Not had problems with our Accent but we never use the grill. Keep us all up to date pls
Guy


----------



## waspes (Feb 11, 2008)

I havent had any probs but i thought i would give it a bump.


----------



## easom515 (Apr 29, 2011)

Swift talk and out and about live forums show problems with Autocruise van conversions. My van was delivered in April 2011 and none of the problems have been sorted by the dealer, Lowdhams. We have had five motor homes with a fair share of good and bad service but Lowdham's take our award for avoiding/evading their responsibilities under our contract and relating consumer law in our case.

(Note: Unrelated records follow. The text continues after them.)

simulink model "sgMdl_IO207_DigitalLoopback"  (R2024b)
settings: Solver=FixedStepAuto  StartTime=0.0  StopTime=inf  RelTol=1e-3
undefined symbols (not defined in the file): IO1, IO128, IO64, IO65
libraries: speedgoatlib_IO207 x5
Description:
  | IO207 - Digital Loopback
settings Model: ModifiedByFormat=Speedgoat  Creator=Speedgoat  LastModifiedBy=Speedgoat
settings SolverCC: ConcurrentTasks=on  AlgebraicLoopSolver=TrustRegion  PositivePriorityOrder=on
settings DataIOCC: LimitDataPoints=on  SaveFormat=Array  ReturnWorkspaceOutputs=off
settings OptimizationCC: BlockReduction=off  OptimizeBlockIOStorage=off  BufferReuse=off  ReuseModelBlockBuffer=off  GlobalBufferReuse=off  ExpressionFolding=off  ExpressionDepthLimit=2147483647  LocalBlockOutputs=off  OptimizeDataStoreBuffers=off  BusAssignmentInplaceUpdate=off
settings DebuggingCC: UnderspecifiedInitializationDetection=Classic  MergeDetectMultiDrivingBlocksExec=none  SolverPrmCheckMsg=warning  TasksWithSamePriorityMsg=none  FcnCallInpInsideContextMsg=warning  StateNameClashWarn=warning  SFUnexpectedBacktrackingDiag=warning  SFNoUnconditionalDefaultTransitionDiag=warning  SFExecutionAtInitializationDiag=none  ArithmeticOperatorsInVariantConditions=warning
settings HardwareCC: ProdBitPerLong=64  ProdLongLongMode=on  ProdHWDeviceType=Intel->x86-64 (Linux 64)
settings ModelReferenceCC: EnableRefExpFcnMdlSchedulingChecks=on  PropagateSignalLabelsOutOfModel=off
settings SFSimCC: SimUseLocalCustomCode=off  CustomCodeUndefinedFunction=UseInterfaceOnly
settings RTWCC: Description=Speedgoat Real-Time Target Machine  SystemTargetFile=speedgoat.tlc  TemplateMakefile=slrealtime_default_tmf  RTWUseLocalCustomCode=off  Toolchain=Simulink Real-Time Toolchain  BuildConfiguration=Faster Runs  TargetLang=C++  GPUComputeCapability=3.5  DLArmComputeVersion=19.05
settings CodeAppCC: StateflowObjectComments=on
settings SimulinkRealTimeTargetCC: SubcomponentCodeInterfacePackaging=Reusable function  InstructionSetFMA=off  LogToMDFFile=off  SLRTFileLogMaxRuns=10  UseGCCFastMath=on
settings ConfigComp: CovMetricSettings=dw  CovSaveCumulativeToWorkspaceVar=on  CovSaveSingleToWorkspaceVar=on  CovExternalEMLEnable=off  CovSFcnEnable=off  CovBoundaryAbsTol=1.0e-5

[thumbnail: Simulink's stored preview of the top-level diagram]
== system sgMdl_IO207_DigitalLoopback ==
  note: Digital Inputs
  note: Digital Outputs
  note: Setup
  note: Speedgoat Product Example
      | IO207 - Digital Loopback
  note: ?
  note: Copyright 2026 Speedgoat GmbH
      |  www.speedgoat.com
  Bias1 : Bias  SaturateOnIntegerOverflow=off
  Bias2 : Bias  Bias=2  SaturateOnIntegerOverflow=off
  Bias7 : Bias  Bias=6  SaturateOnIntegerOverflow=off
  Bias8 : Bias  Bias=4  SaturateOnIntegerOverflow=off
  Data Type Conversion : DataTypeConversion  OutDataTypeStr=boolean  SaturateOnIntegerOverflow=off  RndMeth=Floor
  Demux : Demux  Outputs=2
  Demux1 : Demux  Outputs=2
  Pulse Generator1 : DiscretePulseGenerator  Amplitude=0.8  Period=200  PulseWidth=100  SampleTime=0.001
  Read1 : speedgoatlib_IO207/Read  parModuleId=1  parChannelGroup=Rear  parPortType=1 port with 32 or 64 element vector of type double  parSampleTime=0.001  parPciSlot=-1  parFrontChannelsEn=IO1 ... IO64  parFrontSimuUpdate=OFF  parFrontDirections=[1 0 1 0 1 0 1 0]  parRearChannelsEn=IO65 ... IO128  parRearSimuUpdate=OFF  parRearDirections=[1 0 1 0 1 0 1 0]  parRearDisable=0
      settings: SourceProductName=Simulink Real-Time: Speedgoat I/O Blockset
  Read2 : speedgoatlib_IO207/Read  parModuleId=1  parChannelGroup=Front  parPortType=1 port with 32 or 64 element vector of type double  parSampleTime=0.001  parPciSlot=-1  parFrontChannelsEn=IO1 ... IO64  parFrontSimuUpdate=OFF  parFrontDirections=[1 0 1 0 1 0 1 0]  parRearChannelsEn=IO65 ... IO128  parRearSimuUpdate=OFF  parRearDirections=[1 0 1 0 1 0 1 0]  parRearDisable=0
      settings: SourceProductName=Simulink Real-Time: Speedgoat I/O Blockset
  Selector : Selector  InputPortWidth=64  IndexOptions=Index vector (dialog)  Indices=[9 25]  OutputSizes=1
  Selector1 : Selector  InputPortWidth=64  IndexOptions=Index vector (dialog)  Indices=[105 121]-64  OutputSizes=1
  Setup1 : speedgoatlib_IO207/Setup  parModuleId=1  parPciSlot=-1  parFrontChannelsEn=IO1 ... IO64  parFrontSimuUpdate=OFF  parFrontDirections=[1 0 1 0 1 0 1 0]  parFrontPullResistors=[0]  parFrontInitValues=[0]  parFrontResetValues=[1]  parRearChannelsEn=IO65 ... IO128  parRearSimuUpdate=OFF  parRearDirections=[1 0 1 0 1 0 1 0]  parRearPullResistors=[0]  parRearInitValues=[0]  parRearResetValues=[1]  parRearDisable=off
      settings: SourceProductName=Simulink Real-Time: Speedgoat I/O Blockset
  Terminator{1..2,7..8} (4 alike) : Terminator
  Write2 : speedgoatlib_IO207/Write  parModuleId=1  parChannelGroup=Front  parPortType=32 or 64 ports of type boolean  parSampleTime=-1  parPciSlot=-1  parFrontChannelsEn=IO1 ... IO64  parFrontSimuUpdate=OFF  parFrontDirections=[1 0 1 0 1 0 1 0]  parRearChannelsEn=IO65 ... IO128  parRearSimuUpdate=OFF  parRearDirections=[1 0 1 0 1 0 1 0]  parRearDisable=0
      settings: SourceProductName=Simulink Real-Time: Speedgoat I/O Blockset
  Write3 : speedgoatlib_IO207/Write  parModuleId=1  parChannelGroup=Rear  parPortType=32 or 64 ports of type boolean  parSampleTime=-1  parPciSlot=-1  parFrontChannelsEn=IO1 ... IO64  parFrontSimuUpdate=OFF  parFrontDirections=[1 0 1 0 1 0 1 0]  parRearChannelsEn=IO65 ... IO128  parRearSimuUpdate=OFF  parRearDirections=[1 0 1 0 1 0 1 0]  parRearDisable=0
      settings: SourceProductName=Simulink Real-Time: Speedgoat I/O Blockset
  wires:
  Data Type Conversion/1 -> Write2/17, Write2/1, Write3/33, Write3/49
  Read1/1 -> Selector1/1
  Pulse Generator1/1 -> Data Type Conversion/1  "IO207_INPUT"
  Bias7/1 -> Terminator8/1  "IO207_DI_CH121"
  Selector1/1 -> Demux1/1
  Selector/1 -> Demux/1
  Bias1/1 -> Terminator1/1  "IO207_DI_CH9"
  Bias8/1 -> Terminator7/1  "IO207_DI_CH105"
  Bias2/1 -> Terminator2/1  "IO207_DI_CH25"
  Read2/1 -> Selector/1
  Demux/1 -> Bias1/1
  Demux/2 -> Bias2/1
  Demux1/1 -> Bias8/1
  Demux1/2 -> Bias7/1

Even Swift group are not responding, except to ask for the vin number, but they are not the first legal port of call. Recorded letters since late August have been blanked by Lowdhams and legal proceedings to rescind the contract and claim damages for breach are imminent. Anybody out there having similar problems and able to provide supporting evidence? I am happy, able and willing to support and assist fellow dissatisfied owners obtain satisfaction of claims against these firms. United we stand!


----------